BRIEF:
Each line below should be repeated exactly as written, with no pictures carried over.

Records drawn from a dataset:
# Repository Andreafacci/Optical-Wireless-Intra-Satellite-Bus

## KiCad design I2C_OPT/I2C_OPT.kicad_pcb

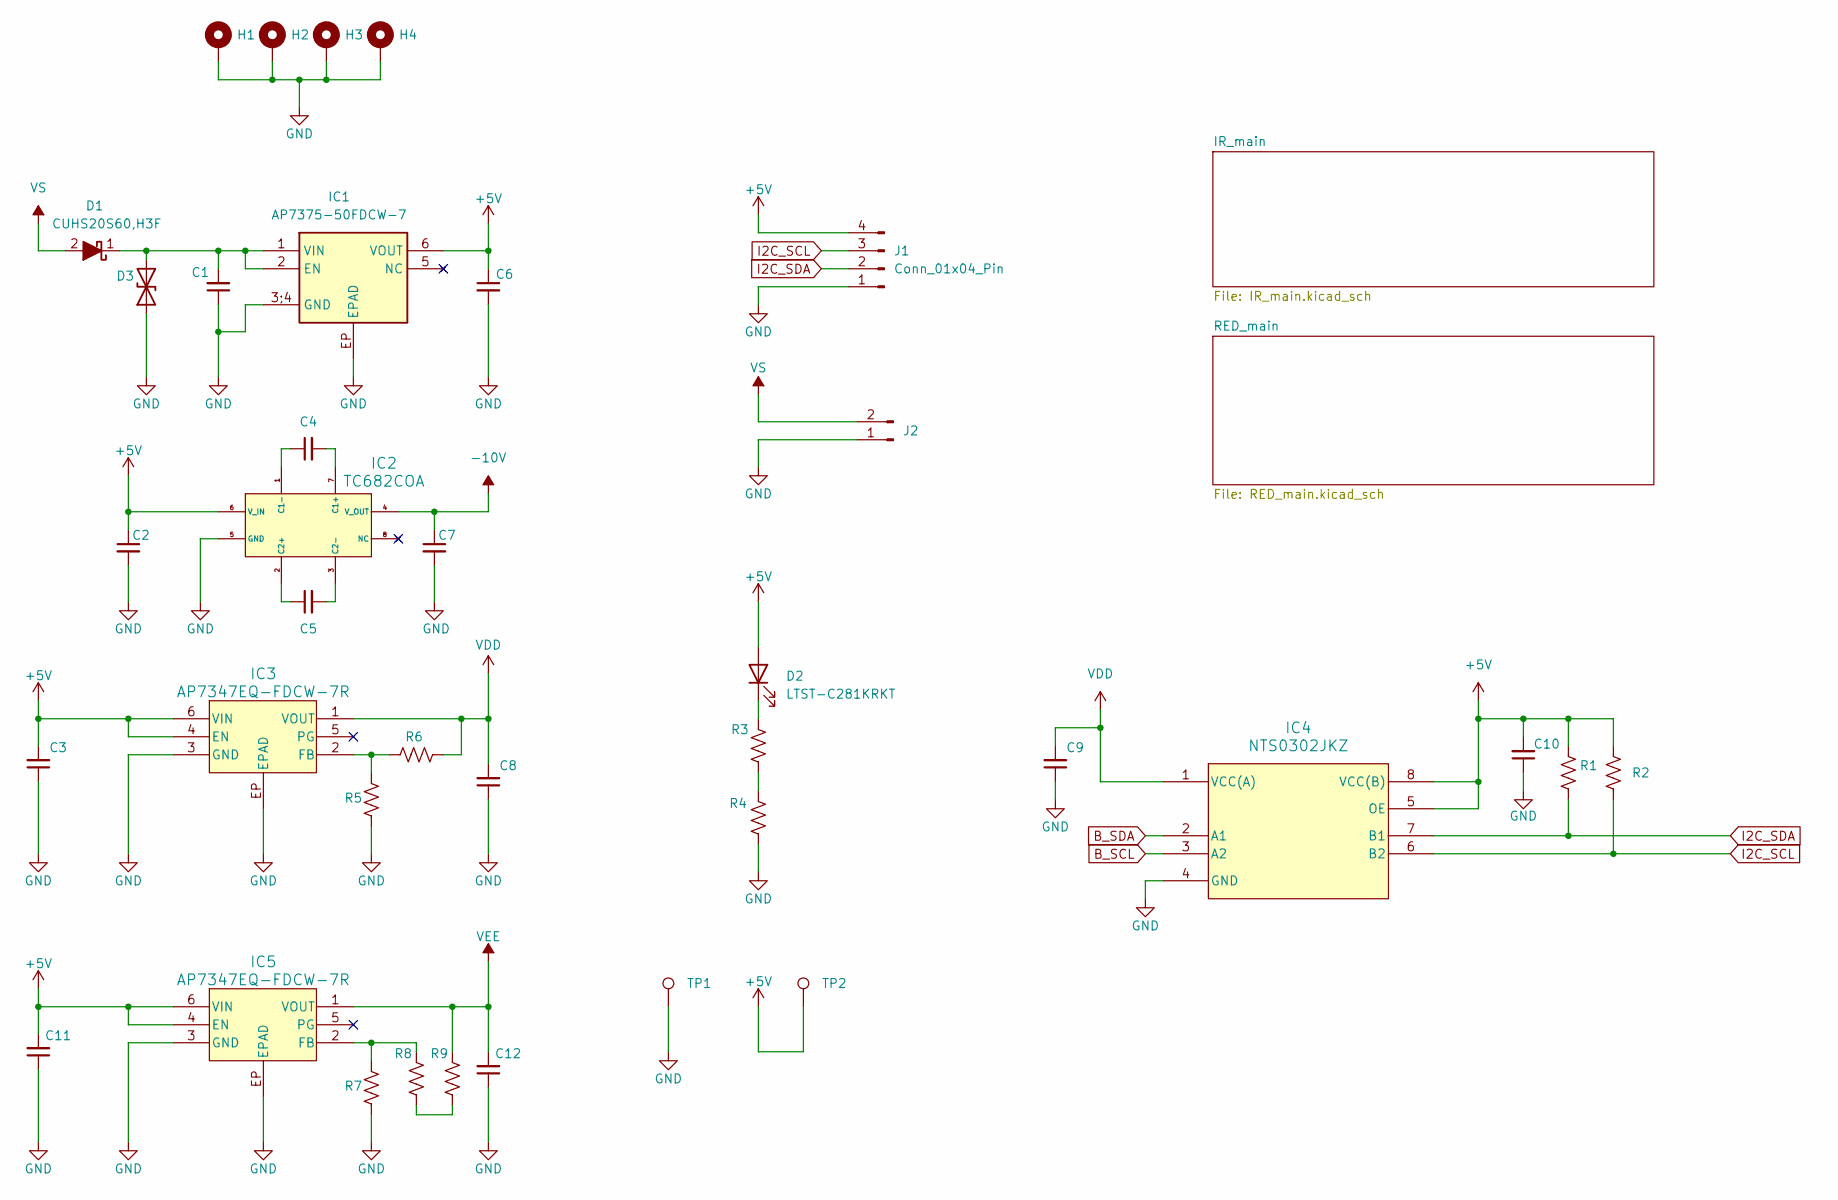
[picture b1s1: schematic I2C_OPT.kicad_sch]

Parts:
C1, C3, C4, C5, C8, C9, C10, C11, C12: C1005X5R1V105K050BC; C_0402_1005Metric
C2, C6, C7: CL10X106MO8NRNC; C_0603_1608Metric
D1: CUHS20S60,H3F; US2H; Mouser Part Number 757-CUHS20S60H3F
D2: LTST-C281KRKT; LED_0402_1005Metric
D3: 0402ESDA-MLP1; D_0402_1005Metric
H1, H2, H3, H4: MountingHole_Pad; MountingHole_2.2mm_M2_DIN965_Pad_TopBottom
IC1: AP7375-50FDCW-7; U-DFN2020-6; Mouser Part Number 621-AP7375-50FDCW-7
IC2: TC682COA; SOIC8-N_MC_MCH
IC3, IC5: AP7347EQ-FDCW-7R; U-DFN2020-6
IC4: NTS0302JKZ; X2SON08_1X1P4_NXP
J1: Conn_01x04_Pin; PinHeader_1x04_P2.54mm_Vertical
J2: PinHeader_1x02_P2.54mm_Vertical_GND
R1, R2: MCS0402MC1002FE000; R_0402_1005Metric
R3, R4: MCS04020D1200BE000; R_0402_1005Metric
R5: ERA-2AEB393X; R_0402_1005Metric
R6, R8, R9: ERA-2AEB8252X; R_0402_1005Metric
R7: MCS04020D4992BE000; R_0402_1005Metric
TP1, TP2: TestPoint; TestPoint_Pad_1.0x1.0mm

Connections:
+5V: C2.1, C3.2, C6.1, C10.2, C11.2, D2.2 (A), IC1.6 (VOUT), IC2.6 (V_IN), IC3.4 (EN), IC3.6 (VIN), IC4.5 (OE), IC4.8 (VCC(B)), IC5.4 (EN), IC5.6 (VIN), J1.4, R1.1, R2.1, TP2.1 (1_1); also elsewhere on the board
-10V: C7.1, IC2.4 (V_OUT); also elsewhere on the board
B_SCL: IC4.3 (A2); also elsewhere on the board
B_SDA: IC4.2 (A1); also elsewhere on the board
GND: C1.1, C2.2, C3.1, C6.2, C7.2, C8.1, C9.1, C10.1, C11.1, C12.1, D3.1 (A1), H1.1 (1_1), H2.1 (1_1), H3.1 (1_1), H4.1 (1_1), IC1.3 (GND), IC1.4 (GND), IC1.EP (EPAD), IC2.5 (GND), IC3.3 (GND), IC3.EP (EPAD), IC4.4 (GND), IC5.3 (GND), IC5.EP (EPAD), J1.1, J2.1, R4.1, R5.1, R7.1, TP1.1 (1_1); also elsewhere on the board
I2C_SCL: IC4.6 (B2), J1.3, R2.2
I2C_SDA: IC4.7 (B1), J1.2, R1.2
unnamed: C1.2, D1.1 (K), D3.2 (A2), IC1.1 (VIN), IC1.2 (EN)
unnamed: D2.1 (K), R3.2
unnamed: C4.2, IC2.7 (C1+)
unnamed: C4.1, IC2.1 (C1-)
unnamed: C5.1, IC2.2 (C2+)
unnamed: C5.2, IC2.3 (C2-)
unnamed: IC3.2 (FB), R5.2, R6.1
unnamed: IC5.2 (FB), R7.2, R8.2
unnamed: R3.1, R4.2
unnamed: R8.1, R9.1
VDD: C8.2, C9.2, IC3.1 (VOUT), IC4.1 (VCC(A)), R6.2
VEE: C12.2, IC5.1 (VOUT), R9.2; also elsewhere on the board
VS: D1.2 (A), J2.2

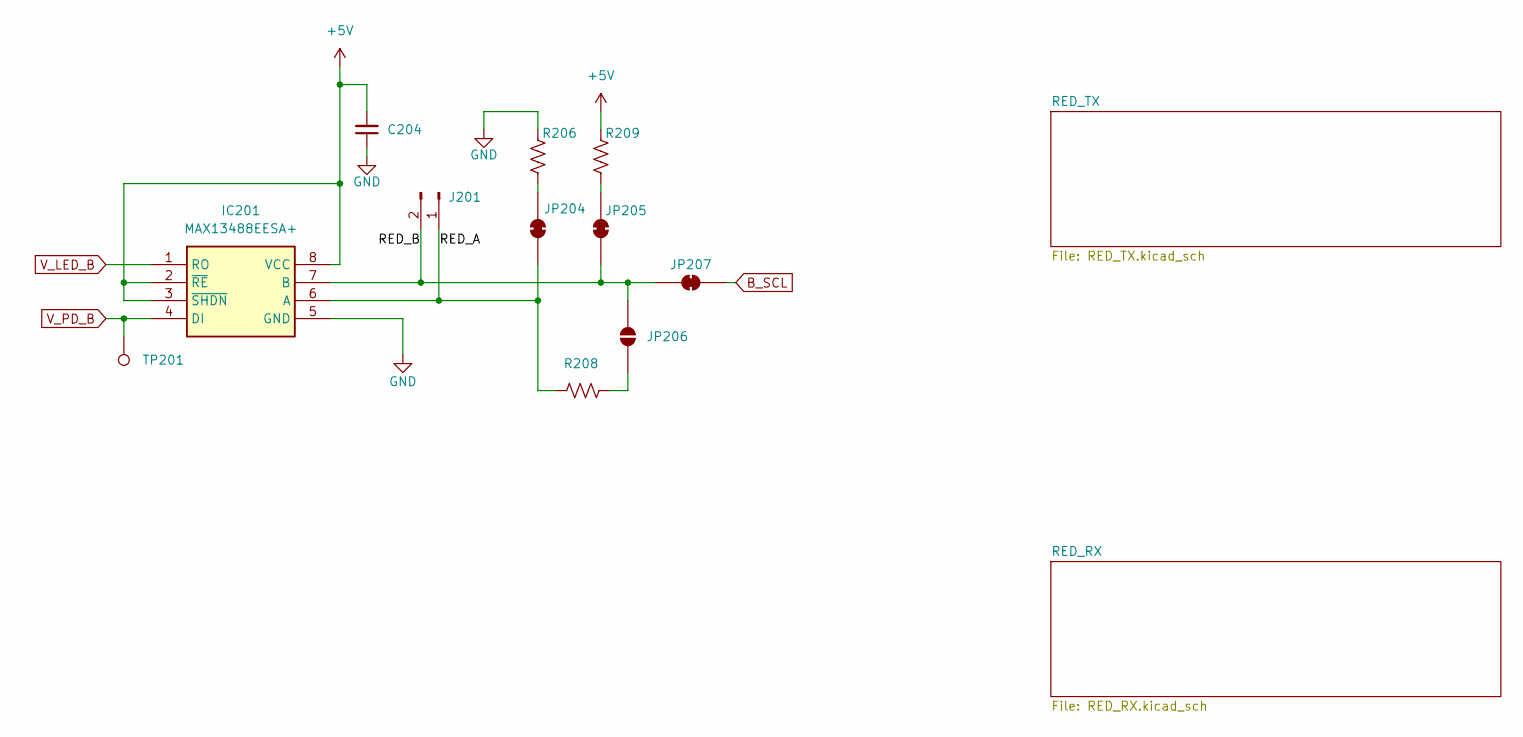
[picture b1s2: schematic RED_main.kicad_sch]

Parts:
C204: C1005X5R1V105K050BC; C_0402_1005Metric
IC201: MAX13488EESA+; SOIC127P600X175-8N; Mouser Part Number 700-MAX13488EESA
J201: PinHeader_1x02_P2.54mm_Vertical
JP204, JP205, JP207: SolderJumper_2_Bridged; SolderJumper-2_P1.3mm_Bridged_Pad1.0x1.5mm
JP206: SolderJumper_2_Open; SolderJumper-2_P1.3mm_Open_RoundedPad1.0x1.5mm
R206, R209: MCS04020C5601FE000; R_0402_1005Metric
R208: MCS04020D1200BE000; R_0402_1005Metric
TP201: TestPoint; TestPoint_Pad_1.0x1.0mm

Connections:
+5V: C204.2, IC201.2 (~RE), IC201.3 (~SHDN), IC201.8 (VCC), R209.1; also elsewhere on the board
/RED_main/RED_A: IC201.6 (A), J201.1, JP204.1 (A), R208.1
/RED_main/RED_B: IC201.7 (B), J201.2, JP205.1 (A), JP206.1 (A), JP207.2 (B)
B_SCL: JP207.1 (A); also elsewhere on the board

RESPONSE TO THIS TASK:
# Repository Andreafacci/Optical-Wireless-Intra-Satellite-Bus

## KiCad design I2C_OPT/I2C_OPT.kicad_pcb

[picture b1s1: schematic I2C_OPT.kicad_sch]

Parts:
C1, C3, C4, C5, C8, C9, C10, C11, C12: C1005X5R1V105K050BC; C_0402_1005Metric
C2, C6, C7: CL10X106MO8NRNC; C_0603_1608Metric
D1: CUHS20S60,H3F; US2H; Mouser Part Number 757-CUHS20S60H3F
D2: LTST-C281KRKT; LED_0402_1005Metric
D3: 0402ESDA-MLP1; D_0402_1005Metric
H1, H2, H3, H4: MountingHole_Pad; MountingHole_2.2mm_M2_DIN965_Pad_TopBottom
IC1: AP7375-50FDCW-7; U-DFN2020-6; Mouser Part Number 621-AP7375-50FDCW-7
IC2: TC682COA; SOIC8-N_MC_MCH
IC3, IC5: AP7347EQ-FDCW-7R; U-DFN2020-6
IC4: NTS0302JKZ; X2SON08_1X1P4_NXP
J1: Conn_01x04_Pin; PinHeader_1x04_P2.54mm_Vertical
J2: PinHeader_1x02_P2.54mm_Vertical_GND
R1, R2: MCS0402MC1002FE000; R_0402_1005Metric
R3, R4: MCS04020D1200BE000; R_0402_1005Metric
R5: ERA-2AEB393X; R_0402_1005Metric
R6, R8, R9: ERA-2AEB8252X; R_0402_1005Metric
R7: MCS04020D4992BE000; R_0402_1005Metric
TP1, TP2: TestPoint; TestPoint_Pad_1.0x1.0mm

Connections:
+5V: C2.1, C3.2, C6.1, C10.2, C11.2, D2.2 (A), IC1.6 (VOUT), IC2.6 (V_IN), IC3.4 (EN), IC3.6 (VIN), IC4.5 (OE), IC4.8 (VCC(B)), IC5.4 (EN), IC5.6 (VIN), J1.4, R1.1, R2.1, TP2.1 (1_1); also elsewhere on the board
-10V: C7.1, IC2.4 (V_OUT); also elsewhere on the board
B_SCL: IC4.3 (A2); also elsewhere on the board
B_SDA: IC4.2 (A1); also elsewhere on the board
GND: C1.1, C2.2, C3.1, C6.2, C7.2, C8.1, C9.1, C10.1, C11.1, C12.1, D3.1 (A1), H1.1 (1_1), H2.1 (1_1), H3.1 (1_1), H4.1 (1_1), IC1.3 (GND), IC1.4 (GND), IC1.EP (EPAD), IC2.5 (GND), IC3.3 (GND), IC3.EP (EPAD), IC4.4 (GND), IC5.3 (GND), IC5.EP (EPAD), J1.1, J2.1, R4.1, R5.1, R7.1, TP1.1 (1_1); also elsewhere on the board
I2C_SCL: IC4.6 (B2), J1.3, R2.2
I2C_SDA: IC4.7 (B1), J1.2, R1.2
unnamed: C1.2, D1.1 (K), D3.2 (A2), IC1.1 (VIN), IC1.2 (EN)
unnamed: D2.1 (K), R3.2
unnamed: C4.2, IC2.7 (C1+)
unnamed: C4.1, IC2.1 (C1-)
unnamed: C5.1, IC2.2 (C2+)
unnamed: C5.2, IC2.3 (C2-)
unnamed: IC3.2 (FB), R5.2, R6.1
unnamed: IC5.2 (FB), R7.2, R8.2
unnamed: R3.1, R4.2
unnamed: R8.1, R9.1
VDD: C8.2, C9.2, IC3.1 (VOUT), IC4.1 (VCC(A)), R6.2
VEE: C12.2, IC5.1 (VOUT), R9.2; also elsewhere on the board
VS: D1.2 (A), J2.2

[picture b1s2: schematic RED_main.kicad_sch]

Parts:
C204: C1005X5R1V105K050BC; C_0402_1005Metric
IC201: MAX13488EESA+; SOIC127P600X175-8N; Mouser Part Number 700-MAX13488EESA
J201: PinHeader_1x02_P2.54mm_Vertical
JP204, JP205, JP207: SolderJumper_2_Bridged; SolderJumper-2_P1.3mm_Bridged_Pad1.0x1.5mm
JP206: SolderJumper_2_Open; SolderJumper-2_P1.3mm_Open_RoundedPad1.0x1.5mm
R206, R209: MCS04020C5601FE000; R_0402_1005Metric
R208: MCS04020D1200BE000; R_0402_1005Metric
TP201: TestPoint; TestPoint_Pad_1.0x1.0mm

Connections:
+5V: C204.2, IC201.2 (~RE), IC201.3 (~SHDN), IC201.8 (VCC), R209.1; also elsewhere on the board
/RED_main/RED_A: IC201.6 (A), J201.1, JP204.1 (A), R208.1
/RED_main/RED_B: IC201.7 (B), J201.2, JP205.1 (A), JP206.1 (A), JP207.2 (B)
B_SCL: JP207.1 (A); also elsewhere on the board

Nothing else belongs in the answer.